[][src]Module rustacuda::context

CUDA context management

Most CUDA functions require a context. A CUDA context is analogous to a CPU process - it's an isolated container for all runtime state, including configuration settings and the device/unified/page-locked memory allocations. Each context has a separate memory space, and pointers from one context do not work in another. Each context is associated with a single device. Although it is possible to have multiple contexts associated with a single device, this is strongly discouraged as it can cause a significant loss of performance.
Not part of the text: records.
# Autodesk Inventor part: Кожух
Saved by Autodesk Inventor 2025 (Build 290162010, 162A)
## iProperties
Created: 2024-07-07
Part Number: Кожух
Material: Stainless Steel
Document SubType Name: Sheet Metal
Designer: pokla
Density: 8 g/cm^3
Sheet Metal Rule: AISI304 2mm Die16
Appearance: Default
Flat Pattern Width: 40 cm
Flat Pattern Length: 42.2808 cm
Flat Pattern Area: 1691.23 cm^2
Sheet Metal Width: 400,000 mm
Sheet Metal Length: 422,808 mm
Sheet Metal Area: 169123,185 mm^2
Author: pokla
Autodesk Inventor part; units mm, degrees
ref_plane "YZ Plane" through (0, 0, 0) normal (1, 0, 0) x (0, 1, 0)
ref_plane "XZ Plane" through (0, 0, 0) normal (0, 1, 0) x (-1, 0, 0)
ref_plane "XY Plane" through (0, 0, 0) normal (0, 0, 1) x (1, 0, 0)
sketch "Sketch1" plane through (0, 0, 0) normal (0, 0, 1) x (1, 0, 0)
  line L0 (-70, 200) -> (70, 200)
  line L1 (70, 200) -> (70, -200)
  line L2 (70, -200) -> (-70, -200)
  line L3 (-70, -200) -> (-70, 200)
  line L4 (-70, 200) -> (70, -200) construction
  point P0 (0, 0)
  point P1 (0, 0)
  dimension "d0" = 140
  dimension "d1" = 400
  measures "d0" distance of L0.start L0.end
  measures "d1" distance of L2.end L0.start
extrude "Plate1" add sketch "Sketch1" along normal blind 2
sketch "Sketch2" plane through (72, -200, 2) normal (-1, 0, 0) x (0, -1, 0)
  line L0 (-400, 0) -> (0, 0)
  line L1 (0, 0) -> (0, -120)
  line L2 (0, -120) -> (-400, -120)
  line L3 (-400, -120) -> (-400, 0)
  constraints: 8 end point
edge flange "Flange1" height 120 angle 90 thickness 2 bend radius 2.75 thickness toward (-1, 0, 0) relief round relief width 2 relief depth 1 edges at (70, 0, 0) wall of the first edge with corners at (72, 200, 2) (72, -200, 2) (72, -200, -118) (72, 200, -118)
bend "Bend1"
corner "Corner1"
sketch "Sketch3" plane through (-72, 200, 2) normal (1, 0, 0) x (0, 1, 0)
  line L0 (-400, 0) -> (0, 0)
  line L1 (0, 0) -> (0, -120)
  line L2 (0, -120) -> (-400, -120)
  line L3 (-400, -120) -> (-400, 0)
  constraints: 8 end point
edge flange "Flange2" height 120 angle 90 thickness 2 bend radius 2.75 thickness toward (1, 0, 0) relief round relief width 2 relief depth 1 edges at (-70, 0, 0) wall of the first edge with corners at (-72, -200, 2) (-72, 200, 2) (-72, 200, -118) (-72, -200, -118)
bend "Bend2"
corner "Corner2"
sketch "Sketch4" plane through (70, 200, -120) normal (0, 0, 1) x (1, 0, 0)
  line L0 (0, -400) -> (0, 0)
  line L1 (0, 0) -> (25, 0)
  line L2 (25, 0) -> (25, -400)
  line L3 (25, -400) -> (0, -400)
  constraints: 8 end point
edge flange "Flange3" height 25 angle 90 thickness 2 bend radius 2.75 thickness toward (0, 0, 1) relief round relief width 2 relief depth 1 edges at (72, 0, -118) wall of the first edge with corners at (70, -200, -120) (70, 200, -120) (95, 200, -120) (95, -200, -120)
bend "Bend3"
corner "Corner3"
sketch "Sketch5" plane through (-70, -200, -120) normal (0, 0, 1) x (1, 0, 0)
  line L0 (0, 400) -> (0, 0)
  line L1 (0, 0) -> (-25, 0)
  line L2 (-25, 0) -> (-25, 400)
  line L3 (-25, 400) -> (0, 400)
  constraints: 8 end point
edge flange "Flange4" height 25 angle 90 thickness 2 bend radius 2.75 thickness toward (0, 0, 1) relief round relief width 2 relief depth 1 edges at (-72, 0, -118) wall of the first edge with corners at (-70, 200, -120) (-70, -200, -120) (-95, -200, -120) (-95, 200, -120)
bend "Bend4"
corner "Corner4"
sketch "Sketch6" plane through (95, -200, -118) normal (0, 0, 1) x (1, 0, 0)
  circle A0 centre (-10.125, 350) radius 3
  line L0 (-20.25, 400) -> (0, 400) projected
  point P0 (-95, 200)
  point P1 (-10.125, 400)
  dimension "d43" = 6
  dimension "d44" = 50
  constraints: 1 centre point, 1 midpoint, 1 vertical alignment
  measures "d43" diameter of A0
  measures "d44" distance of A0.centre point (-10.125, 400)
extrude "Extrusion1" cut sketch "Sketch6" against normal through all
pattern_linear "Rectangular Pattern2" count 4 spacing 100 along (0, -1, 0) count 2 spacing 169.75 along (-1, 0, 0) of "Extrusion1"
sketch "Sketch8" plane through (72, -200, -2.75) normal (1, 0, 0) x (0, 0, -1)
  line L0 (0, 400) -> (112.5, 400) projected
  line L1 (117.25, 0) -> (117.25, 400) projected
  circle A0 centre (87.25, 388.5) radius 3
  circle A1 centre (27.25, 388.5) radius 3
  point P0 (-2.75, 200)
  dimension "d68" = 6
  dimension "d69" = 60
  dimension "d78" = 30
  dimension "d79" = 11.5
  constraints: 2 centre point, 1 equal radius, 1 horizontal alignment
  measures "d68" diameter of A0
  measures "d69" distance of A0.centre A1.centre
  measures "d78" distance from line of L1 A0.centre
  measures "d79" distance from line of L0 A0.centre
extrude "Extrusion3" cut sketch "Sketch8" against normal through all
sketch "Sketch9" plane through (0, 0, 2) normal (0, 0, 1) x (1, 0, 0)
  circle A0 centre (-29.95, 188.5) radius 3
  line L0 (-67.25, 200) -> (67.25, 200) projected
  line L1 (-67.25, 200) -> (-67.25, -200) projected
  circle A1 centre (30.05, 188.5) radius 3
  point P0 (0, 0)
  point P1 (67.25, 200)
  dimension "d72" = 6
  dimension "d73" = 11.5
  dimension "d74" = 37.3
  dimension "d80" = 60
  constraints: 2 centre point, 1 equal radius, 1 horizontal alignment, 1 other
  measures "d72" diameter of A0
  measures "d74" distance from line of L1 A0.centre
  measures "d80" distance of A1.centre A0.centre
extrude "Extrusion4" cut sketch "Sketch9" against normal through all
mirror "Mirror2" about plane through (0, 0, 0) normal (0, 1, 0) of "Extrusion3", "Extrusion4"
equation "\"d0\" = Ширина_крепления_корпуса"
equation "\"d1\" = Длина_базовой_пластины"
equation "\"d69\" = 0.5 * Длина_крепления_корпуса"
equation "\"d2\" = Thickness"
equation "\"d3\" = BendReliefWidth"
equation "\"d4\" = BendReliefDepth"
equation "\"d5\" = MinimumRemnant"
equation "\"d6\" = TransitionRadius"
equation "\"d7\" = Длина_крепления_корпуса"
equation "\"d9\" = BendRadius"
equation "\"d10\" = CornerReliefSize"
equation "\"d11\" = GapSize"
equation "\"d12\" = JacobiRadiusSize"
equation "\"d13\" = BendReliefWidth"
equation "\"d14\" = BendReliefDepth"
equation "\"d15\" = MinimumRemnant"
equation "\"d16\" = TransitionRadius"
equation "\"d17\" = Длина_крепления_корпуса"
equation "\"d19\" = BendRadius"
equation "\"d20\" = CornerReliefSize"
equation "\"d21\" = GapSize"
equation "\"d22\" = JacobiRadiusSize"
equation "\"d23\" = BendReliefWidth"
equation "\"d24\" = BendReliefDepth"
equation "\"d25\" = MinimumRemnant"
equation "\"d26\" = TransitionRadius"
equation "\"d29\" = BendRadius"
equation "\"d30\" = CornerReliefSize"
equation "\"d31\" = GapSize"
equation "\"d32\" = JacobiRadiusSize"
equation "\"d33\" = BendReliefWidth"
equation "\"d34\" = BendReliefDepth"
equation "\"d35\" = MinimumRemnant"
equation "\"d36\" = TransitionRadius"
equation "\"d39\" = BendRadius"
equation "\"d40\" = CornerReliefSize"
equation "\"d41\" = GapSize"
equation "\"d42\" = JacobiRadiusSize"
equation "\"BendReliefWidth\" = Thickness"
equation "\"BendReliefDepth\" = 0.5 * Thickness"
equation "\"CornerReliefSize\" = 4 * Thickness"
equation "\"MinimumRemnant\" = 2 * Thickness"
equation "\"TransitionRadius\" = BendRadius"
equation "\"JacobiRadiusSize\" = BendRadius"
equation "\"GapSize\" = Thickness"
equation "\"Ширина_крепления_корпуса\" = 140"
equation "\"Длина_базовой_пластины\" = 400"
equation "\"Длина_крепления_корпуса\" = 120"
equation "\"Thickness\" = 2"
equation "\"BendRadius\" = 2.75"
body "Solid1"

CUDA keeps a thread-local stack of contexts which the programmer can push to or pop from. The top context in that stack is known as the "current" context and it is used in most CUDA API calls. One context can be safely made current in multiple CPU threads.

Safety

The CUDA context management API does not fit easily into Rust's safety guarantees.

The thread-local stack (as well as the fact that any context can be on the stack for any number of threads) means there is no clear owner for a CUDA context, but it still has to be cleaned up. Also, the fact that a context can be current to multiple threads at once means that there can be multiple implicit references to a context which are not controlled by Rust.

RustaCUDA handles ownership by providing an owning Context struct and a non-owning UnownedContext. When the Context is dropped, the backing context is destroyed. The context could be current on other threads, though. In this case, the context is still destroyed, and attempts to access the context on other threads will fail with an error. This is (mostly) safe, if a bit inconvenient. It's only mostly safe because other threads could be accessing that context while the destructor is running on this thread, which could result in undefined behavior.

In short, Rust's thread-safety guarantees cannot fully protect use of the context management functions. The programmer must ensure that no other OS threads are using the Context when it is dropped.

Examples

For most commmon uses (one device, one OS thread) it should suffice to create a single context:

use rustacuda::device::Device;
use rustacuda::context::{Context, ContextFlags};

rustacuda::init(rustacuda::CudaFlags::empty())?;
let device = Device::get_device(0)?;
let context = Context::create_and_push(ContextFlags::MAP_HOST | ContextFlags::SCHED_AUTO, device)?;
// call RustaCUDA functions which use the context

// The context will be destroyed when dropped or it falls out of scope.
drop(context);

If you have multiple OS threads that each submit work to the same device, you can get a handle to the single context and pass it to each thread.

// As before
let context =
    Context::create_and_push(ContextFlags::MAP_HOST | ContextFlags::SCHED_AUTO, device)?;
let mut join_handles = vec![];

for _ in 0..4 {
    let unowned = context.get_unowned();
    let join_handle = std::thread::spawn(move || {
        CurrentContext::set_current(&unowned).unwrap();
        // Call RustaCUDA functions which use the context
    });
    join_handles.push(join_handle);
}
// We must ensure that the other threads are not using the context when it's destroyed.
for handle in join_handles {
    handle.join().unwrap();
}
// Now it's safe to drop the context.
drop(context);

If you have multiple devices, each device needs its own context.

// Create and pop contexts for each device
let mut contexts = vec![];
for device in Device::devices()? {
    let device = device?;
    let ctx =
        Context::create_and_push(ContextFlags::MAP_HOST | ContextFlags::SCHED_AUTO, device)?;
    ContextStack::pop()?;
    contexts.push(ctx);
}
CurrentContext::set_current(&contexts[0])?;

// Call RustaCUDA functions which will use the context

Structs

Context

Owned handle to a CUDA context.

ContextFlags

Bit flags for initializing the CUDA context.

ContextStack

Type used to represent the thread-local context stack.

CurrentContext

Type representing the top context in the thread-local stack.

StreamPriorityRange

Struct representing a range of stream priorities.

UnownedContext

Non-owning handle to a CUDA context.

Enums

CacheConfig

This enumeration represents configuration settings for devices which share hardware resources between L1 cache and shared memory.

ResourceLimit

This enumeration represents the limited resources which can be accessed through CurrentContext::get_resource_limit and CurrentContext::set_resource_limit.

SharedMemoryConfig

This enumeration represents the options for configuring the shared memory bank size.

Traits

ContextHandle

Sealed trait for Context and UnownedContext. Not intended for use outside of RustaCUDA.